今回その大木地区の方からご連絡を頂きまして、その古文書などが活字で収録されている『史料 太郎兵衛講文書』という本を頂戴することになり、はるばる行ってまいりました。
このブログからの御縁で、何度もやりとりさせてもらっているKさん。実際にお会いするのは今回が初めてです。少し体調を崩されていらしたのですが、私たちのためににこやかに対応してくださり、集落の中を少し案内してくださいました。
大木地区は緑豊で旧家が残る、空気がとても美味しく感じるのどかな場所でした。
現在この地区には150世帯ほどがお住いのようですが、一人暮らしの高齢者の世帯も多く、過疎化が進んだ限界集落になっているようです。
ログハウスみたいな素敵な建物の小学校もありますが、児童は5名ほど。幼稚園もありましたが、こちらは対象の園児がおらず閉園中でした。幼稚園の建物の横には、綺麗なトイレが作られていて、奥には駐車場もあります。古いお寺もいくつかあるそうで、観光客がトイレや駐車場を無料で利用できるようになっていました。
Kさんはこの地区で観光案内の資格を取得されボランティアをされていらっしゃいますが、この限界集落の行く末を心配されていました。
村としての歴史は古く、兵法書以外の古文書や古物なども数点保管されているようですが、これからもこれらの物を永久的に保存していくことができるのか?
古文書や古物の保管に関しては、とても難しい問題があります。
それは、これらの物が行政機関の指定文化財になった場合はまだ良いのですが、個人所有のままであった場合は、その家の後継者が興味がなければゴミとなってしまう可能性があるのです。歴史に興味があったり、代々伝わる物として大事に保存してくれたら良いのですが、これから先もずっと何百年も保管できるのか?といった不安もあります。
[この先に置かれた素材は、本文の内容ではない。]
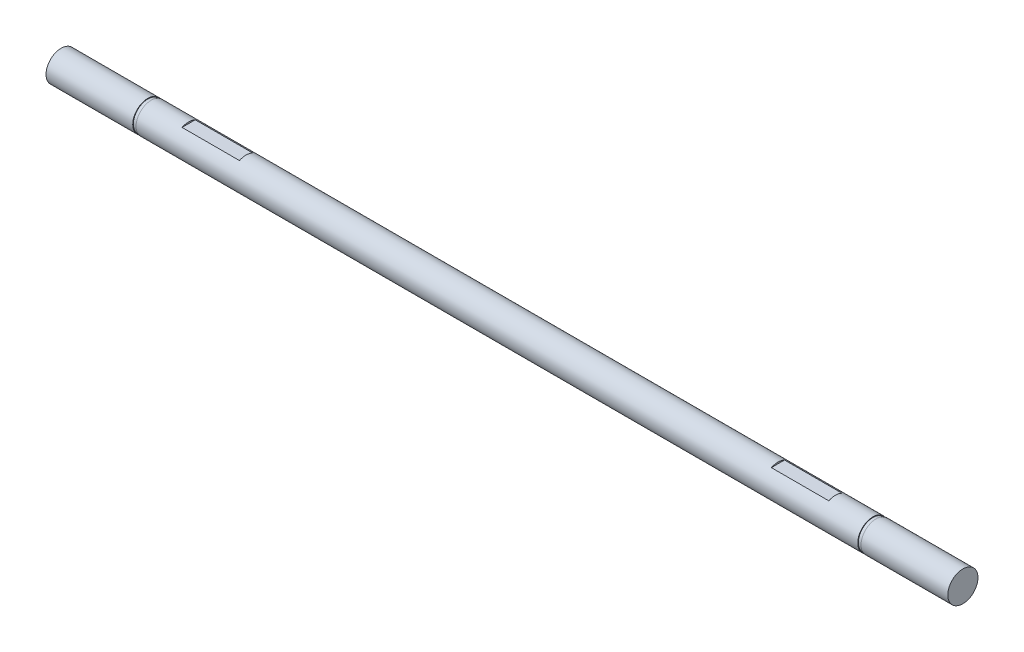
from build123d import *

# Parameters (mm, degrees)
EXTRUDE_1_DEPTH = 19
SKETCH_2_R      = 5
EXTRUDE_2_DEPTH = 16.2
SKETCH_5_W      = 1.1
SKETCH_5_H      = 0.2
EXTRUDE_START   = 176
SKETCH_4_R      = 5
EXTRUDE_4_DEPTH = 176
SKETCH_6_R      = 5
EXTRUDE_5_DEPTH = 26
EXTRUDE_START_2 = 26
SKETCH_7_R      = 5
EXTRUDE_6_DEPTH = 26


with BuildPart() as part:
    # 草图1 → 拉伸1 (new body)
    with BuildSketch(Plane(origin=(0, 0, 0), x_dir=(0, 0, -1), z_dir=(1, 0, 0))):
        with BuildLine():
            Line((-2.179449472, 4.5), (2.179449472, 4.5))
            ThreePointArc((2.179449472, 4.5), (0, -5), (-2.179449472, 4.5))
        make_face()
    extrude_1 = extrude(amount=EXTRUDE_1_DEPTH)

    # 草图2 → 拉伸2 (add)
    with BuildSketch(Plane(origin=(19, 0, 0), x_dir=(0, 0, -1), z_dir=(1, 0, 0))):
        Circle(SKETCH_2_R)
    extrude_2 = extrude(amount=EXTRUDE_2_DEPTH)

    # 草图5 → 切除-旋转1 (revolve, cut)
    with BuildSketch(Plane(origin=(0, 0, 0), x_dir=(1, 0, 0), z_dir=(0, 1, 0))):
        with Locations((31.95, 4.9)):
            Rectangle(SKETCH_5_W, SKETCH_5_H)
    cut_revolve_1 = revolve(axis=Axis((19, 0, 0), (-1, 0, 0)), mode=Mode.SUBTRACT)

    # 草图4 → 拉伸4 (add)
    with BuildSketch(Plane.ZY.offset(EXTRUDE_START)):
        Circle(SKETCH_4_R)
    extrude(amount=-EXTRUDE_4_DEPTH)

    # 镜向1: 拉伸1, 拉伸2, 切除-旋转1 across plane
    add(extrude_1.mirror(Plane.ZY.offset(88)))
    add(extrude_2.mirror(Plane.ZY.offset(88)))
    add(cut_revolve_1.mirror(Plane.ZY.offset(88)), mode=Mode.SUBTRACT)

    # 草图6 → 拉伸5 (add)
    with BuildSketch(Plane(origin=(35.2, 0, 0), x_dir=(0, 0, -1), z_dir=(1, 0, 0))):
        Circle(SKETCH_6_R)
    extrude(amount=EXTRUDE_5_DEPTH)

    # 草图7 → 拉伸6 (add)
    with BuildSketch(Plane.ZY.offset(211.2).offset(EXTRUDE_START_2)):
        Circle(SKETCH_7_R)
    extrude(amount=-EXTRUDE_6_DEPTH)


solid = part.part

古文書は紙ですから劣化していきますし、文字も薄くなって読めなくなっていきます。これらを個人所有のまま今後半永久的に保管となると、大変難しいのです。
では、行政機関が保管してくれるのか?それも簡単ではないようで、古文書だからといって必ず引き取ってくれるわけではないようです。
こういった系は、教育委員会が主となって対応するようですが、文化財としての価値などが認められたらということのようです。
これは私の個人的な見解ですが、価値が認められる過程としては、例えば教育委員会の担当者や資料館の学芸員の方などの専門や興味にも大きく影響されるのではないかと思うのです。それとか、観光の目玉としての戦力になる品であるかとかね。
そんなこんなで、この大木地区の歴史が忘れ去られないように、同じ古文書を持つ沖永良部島と、そして兵法書のことで出会った私のもとで永久保管をしてほしいということで、活字化された『史料 太郎兵衛講文書』2冊がたくされたのです。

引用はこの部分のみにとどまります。